Collection entries

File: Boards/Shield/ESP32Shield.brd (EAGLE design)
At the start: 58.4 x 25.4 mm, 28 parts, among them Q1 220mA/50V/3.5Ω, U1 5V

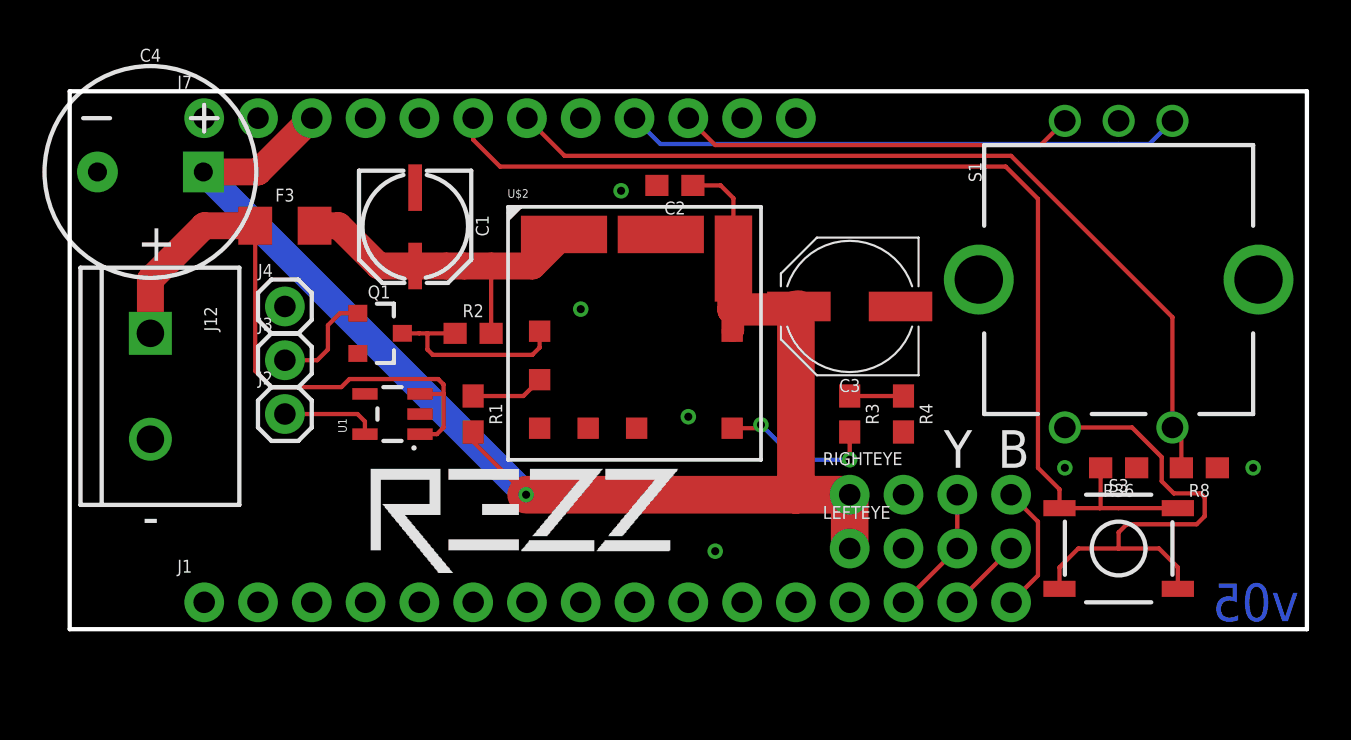
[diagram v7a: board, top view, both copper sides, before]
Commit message: updating board to V06, finangling code to work with WROOM
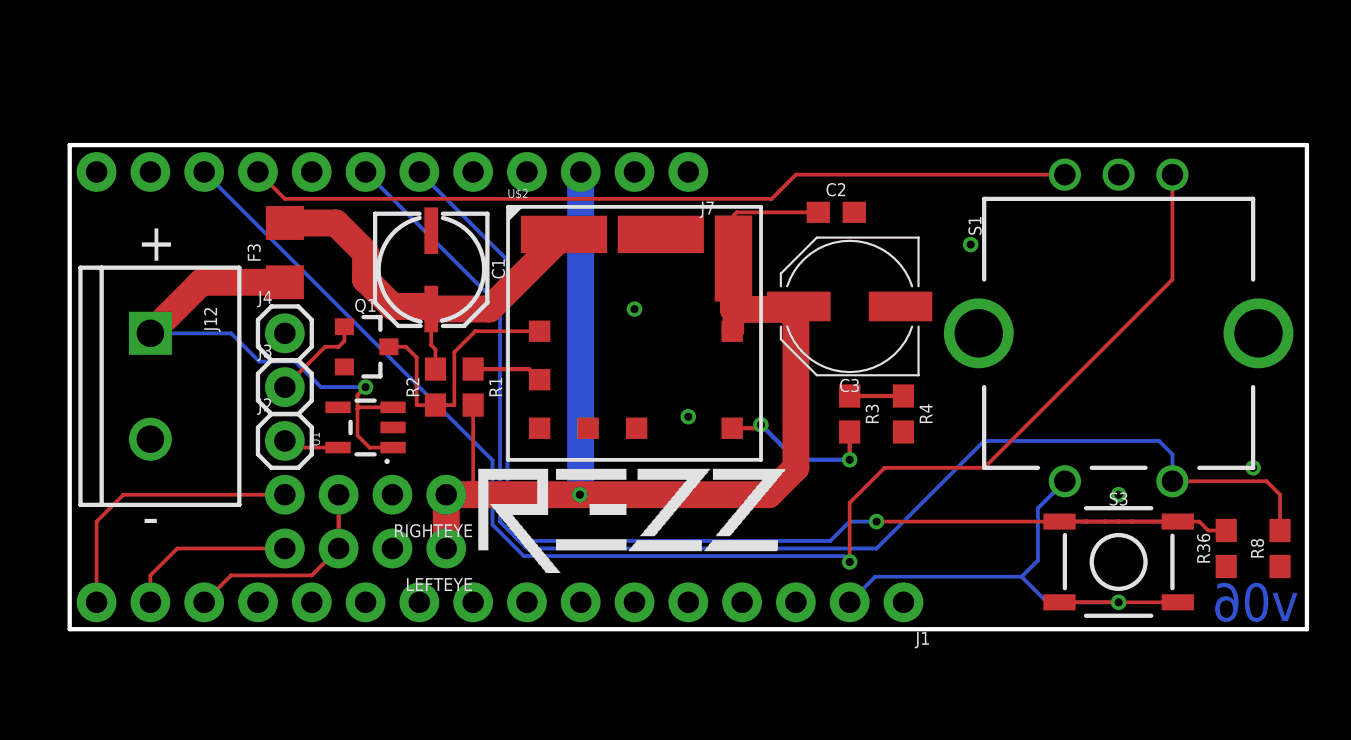
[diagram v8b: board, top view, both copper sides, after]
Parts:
- removed C4: 1mF, SparkFun-Capacitors:CPOL-RADIAL-5MM-10MM
- moved J1 33.0 mm to (39.4, 1.27), turned to 180 degrees
- moved J7 23.0 mm to (29.2, 21.6), turned to 180 degrees
- moved LEFTEYE 19.0 mm to (17.8, 3.81), turned to 180 degrees
- moved RIGHTEYE 19.0 mm to (17.8, 6.35), turned to 180 degrees
- moved C2 7.73 mm to (36.2, 19.7), turned to 0 degrees
- moved R36 6.35 mm to (54.6, 3.81), turned to 90 degrees
- moved R8 5.39 mm to (57.1, 3.81), turned to 90 degrees
- moved U$1 5.08 mm to (26.6, 5.11)
- moved R2 3.10 mm to (17.3, 11.4), turned to 90 degrees
- moved U$4 2.79 mm to (49.5, 17.7)
- moved S1 2.54 mm to (49.5, 14.0)
- moved U$3 2.54 mm to (49.4, 9.91)
- moved C1 2.17 mm to (17.3, 17.0)
- moved U1 1.42 mm to (14.0, 9.53)
- moved F3 1.27 mm to (10.2, 17.8), turned to 90 degrees
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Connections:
- removed net 14/ENC-B: J7.10, S1.B
- removed net 32/ENC-A: J7.9, S1.A
- removed net 3V3: J1.2
- new net 14/ENC-A: J7.10, S1.A
- new net 32/ENC-B: J7.9, S1.B
- net 3.3V: now also J1.2
- net 5V: no longer C4.+
- net GND: no longer C4.-
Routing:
- net 14/ENC-A: track 0.00 -> 67.2 mm, vias 0 -> 1
- net 32/ENC-B: track 0.00 -> 39.1 mm
- net 32/ENC-A: track 26.4 -> 0.00 mm
- net 33/BTN2: track 41.7 -> 62.1 mm
- net 14/ENC-B: track 18.8 -> 0.00 mm
- net 5V: track 72.3 -> 61.7 mm
- net 23/DL: track 6.13 -> 13.2 mm
- net VBATT: track 29.3 -> 24.6 mm, vias 0 -> 1
- net 17/DR: track 3.59 -> 8.15 mm
- net 16/CLOCK: track 6.13 -> 9.94 mm
- net N$2: track 16.4 -> 20.0 mm
- net N$3: track 9.57 -> 12.5 mm
- net POWER_CONTROL: track 4.52 -> 2.64 mm
- net 27/BTN1: track 51.4 -> 53.0 mm, vias 0 -> 1
- net 3.3V: track 23.0 -> 24.6 mm, vias 0 -> 1
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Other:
- board size 58.4 x 25.4 mm -> 58.4 x 22.9 mm
- board text added: "v06"
- board text removed: "B"
- board text removed: "Y"
- board text removed: "v05"

**The task:**
Reprint exactly the lines above that start at the one with "- moved C1 2.17 mm to (17.3, 17.0)" and end at the one with "- net GND: no", keeping both and adding none.

**Expected answer:**
- moved C1 2.17 mm to (17.3, 17.0)
- moved U1 1.42 mm to (14.0, 9.53)
- moved F3 1.27 mm to (10.2, 17.8), turned to 90 degrees
Connections:
- removed net 14/ENC-B: J7.10, S1.B
- removed net 32/ENC-A: J7.9, S1.A
- removed net 3V3: J1.2
- new net 14/ENC-A: J7.10, S1.A
- new net 32/ENC-B: J7.9, S1.B
- net 3.3V: now also J1.2
- net 5V: no longer C4.+
- net GND: no longer C4.-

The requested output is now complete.